DIRECTIONS »
Pick out each line of the records that includes the string "settings", and copy it.
━━━ EXTRACTED MATERIAL ━━━
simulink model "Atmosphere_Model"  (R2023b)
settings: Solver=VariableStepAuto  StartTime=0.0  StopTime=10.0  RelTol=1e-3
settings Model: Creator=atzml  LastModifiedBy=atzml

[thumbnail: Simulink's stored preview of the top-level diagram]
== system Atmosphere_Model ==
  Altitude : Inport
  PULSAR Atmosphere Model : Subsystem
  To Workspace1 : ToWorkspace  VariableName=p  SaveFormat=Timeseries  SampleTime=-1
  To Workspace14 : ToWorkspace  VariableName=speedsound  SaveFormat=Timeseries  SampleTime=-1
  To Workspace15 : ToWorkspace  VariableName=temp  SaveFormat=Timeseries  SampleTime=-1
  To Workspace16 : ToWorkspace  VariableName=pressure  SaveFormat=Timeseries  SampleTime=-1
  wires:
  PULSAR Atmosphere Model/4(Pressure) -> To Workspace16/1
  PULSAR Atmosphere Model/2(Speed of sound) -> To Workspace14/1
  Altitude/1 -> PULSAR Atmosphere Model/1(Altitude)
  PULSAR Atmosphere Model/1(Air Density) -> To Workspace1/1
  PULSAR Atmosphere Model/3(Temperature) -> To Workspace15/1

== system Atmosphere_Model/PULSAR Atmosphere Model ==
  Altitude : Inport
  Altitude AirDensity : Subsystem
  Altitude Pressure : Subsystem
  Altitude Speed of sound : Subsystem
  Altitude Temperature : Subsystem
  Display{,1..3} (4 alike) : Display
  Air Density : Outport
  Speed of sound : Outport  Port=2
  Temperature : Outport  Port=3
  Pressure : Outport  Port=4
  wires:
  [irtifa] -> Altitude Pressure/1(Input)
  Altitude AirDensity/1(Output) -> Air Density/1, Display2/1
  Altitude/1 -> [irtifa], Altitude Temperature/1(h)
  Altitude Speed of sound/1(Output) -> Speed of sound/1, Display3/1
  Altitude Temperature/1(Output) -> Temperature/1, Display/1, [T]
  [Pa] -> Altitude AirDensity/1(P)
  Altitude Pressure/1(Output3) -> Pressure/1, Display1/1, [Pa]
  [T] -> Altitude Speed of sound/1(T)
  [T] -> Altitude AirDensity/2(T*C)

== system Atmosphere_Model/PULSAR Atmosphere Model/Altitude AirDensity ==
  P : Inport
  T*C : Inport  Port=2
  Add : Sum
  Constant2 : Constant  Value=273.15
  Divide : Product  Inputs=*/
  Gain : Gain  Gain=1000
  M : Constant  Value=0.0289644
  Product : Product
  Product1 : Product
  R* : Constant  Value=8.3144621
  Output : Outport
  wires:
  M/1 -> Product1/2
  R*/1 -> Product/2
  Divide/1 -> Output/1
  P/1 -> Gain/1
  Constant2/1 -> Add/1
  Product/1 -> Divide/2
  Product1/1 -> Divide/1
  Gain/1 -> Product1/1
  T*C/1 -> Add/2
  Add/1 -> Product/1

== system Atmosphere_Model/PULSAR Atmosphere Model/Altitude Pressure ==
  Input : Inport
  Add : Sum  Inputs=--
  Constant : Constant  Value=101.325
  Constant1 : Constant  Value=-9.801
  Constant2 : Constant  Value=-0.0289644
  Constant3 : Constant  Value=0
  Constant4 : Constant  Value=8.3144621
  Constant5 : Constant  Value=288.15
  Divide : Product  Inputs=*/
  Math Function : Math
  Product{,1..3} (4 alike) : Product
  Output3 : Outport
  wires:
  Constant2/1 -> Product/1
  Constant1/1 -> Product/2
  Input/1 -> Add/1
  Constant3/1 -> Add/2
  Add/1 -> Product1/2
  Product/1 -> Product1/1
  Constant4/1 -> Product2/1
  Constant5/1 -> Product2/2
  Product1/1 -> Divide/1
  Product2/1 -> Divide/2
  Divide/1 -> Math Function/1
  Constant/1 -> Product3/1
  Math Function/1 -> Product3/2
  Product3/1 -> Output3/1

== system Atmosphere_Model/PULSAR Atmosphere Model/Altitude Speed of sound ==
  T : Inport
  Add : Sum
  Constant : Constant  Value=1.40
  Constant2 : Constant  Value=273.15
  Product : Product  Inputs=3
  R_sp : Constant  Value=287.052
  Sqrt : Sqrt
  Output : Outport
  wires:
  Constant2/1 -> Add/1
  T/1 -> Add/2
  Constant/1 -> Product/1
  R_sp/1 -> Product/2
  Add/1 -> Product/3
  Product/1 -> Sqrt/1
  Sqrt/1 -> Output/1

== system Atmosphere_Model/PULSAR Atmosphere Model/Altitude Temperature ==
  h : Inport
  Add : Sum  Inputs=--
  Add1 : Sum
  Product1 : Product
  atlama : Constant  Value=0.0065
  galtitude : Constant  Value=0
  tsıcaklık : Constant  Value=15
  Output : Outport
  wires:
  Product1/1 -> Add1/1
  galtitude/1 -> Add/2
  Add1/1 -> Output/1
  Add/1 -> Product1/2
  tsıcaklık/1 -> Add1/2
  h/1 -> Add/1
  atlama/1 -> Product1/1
━━━
SOLUTION FOR THIS PROBLEM »
settings: Solver=VariableStepAuto  StartTime=0.0  StopTime=10.0  RelTol=1e-3
settings Model: Creator=atzml  LastModifiedBy=atzml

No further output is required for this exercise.